Development of a Fast Camera Diagnostic Platform for Real-time Control Applications

Fast cameras are an important diagnostic instrument for studying plasma physics in fusion devices. Current camera based systems are used to study turbulence, plasma composition, density, exhaust temperature, and shaping all crucial aspects for the control of a fusion reactor. Currently fast camera platforms must either be built from scratch or purchased from a supplier. Building a camera platform from scratch requires a lot of development time but results in specialised system specific for the use case. Buying a camera from a supplier can result in implementing a system quickly but can limit functionality and future upgrade paths due to proprietary software platforms.
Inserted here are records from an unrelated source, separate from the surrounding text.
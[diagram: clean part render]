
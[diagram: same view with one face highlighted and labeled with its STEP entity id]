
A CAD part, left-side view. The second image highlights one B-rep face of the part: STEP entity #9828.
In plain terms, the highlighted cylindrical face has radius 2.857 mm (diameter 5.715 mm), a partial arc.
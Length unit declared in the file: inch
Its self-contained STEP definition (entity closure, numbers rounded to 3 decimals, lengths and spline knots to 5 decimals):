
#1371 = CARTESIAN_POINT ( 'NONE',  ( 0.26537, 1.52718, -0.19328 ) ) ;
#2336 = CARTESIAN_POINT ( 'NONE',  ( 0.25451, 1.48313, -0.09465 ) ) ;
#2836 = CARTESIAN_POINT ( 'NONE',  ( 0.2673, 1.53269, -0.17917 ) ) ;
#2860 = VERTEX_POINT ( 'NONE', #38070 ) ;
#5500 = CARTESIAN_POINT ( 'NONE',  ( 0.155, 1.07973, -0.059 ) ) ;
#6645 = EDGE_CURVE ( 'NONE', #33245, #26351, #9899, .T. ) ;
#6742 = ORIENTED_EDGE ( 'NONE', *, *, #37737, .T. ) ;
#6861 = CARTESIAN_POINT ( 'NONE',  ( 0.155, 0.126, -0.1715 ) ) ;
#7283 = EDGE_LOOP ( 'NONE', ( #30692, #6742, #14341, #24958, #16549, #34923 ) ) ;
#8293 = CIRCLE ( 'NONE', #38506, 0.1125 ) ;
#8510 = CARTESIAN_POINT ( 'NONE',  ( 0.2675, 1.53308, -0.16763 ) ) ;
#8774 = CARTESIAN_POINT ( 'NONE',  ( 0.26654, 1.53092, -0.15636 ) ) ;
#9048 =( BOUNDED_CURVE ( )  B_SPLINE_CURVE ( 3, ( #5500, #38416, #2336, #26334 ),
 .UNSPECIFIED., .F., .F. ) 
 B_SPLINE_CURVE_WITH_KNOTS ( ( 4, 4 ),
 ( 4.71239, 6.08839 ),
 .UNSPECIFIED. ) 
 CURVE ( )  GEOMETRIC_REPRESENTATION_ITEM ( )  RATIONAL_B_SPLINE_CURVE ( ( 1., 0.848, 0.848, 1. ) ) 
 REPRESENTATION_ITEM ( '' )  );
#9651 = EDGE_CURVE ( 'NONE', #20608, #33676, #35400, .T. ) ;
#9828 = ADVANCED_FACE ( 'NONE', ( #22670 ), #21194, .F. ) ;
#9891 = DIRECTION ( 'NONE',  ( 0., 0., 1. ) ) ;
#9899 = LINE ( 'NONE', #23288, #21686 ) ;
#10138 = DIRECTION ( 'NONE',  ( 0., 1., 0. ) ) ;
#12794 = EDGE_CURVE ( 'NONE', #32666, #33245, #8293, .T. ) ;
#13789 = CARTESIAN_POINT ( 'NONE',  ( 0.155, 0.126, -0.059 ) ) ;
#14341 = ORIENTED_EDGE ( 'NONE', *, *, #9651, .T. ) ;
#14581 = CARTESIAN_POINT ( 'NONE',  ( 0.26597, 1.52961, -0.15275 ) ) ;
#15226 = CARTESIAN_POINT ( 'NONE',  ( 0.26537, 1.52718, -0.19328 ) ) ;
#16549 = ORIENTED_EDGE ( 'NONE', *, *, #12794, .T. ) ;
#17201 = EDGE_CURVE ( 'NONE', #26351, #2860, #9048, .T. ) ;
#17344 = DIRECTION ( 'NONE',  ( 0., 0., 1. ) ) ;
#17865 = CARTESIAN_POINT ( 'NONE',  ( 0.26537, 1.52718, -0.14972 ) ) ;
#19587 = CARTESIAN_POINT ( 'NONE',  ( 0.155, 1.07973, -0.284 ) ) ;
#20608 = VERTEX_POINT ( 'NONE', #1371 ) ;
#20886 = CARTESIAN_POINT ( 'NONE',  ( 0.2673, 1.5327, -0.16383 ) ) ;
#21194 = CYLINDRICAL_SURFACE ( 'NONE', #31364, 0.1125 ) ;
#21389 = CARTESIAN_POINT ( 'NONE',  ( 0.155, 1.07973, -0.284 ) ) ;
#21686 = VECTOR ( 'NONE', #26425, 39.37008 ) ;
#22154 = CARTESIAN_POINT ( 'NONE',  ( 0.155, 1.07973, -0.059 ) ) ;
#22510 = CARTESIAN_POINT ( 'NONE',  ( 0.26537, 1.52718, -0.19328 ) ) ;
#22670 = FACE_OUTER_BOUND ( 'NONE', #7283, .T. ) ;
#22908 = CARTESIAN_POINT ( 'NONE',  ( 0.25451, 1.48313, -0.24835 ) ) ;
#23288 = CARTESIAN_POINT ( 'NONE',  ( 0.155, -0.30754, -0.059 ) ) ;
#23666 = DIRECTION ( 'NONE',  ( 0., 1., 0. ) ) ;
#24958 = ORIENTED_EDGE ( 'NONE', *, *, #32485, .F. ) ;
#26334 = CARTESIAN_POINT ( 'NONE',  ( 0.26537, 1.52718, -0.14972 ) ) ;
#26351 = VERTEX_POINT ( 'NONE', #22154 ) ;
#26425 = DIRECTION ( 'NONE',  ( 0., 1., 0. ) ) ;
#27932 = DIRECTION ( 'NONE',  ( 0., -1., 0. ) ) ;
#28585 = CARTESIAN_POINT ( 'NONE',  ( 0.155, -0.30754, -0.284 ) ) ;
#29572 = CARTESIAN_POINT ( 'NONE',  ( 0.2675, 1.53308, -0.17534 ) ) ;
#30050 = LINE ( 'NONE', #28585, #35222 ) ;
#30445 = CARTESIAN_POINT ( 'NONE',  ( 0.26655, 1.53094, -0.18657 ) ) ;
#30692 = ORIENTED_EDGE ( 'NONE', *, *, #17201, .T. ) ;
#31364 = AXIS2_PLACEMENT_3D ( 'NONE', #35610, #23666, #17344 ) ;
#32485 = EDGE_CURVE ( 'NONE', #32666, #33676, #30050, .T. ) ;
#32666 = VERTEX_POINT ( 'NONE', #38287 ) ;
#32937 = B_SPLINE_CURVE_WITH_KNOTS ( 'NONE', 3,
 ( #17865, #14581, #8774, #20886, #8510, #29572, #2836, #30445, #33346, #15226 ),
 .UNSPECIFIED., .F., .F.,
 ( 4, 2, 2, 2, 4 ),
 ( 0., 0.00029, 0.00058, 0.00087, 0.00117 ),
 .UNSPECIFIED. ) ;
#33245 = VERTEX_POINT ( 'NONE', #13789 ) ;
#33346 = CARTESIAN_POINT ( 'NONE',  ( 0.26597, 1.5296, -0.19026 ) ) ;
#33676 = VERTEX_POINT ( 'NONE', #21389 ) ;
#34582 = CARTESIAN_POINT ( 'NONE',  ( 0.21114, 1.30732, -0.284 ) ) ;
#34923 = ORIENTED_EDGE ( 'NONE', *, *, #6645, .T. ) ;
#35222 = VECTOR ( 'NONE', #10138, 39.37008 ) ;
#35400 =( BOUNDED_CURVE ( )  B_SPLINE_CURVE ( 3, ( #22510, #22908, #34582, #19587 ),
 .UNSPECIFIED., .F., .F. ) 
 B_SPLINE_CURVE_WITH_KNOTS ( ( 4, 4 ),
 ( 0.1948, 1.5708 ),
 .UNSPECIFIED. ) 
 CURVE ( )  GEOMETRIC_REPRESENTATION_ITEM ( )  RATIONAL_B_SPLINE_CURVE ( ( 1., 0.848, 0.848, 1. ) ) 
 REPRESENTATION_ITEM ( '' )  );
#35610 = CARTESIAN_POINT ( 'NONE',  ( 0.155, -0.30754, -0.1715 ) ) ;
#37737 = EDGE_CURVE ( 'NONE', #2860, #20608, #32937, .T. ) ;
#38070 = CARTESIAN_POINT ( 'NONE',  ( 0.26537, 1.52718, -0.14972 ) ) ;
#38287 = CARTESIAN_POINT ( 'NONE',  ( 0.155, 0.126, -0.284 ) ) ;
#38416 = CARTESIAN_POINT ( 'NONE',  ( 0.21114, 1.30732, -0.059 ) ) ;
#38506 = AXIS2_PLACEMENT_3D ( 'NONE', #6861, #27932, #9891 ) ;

Many fast camera systems use a communication protocol called GigE Vision to connect to a controlling PC. This protocol can be licensed for free for research purposes but there currently does not exist an open source implementation. Therefore GigE vision systems are generally only available with accompanying proprietary control and acquisition software. An open-source and user friendly platform using GigE vision would help in quickly creating highly customised instrumentation that can be used for a wide range of available cameras. Field Programmable Gate Arrays (FPGA) are integrated circuits capable of being programmed at the bare logic level to specialise them to any task. Because of their generic nature, FPGA based systems are ideal for building custom acquisition and real-time processing systems without going through the electrical engineering aspects of developing an Application Specific Integrated Circuit (ASIC). Firmware written for an FPGA can be applied and integrated into other FPGA platforms and made available as open-source software.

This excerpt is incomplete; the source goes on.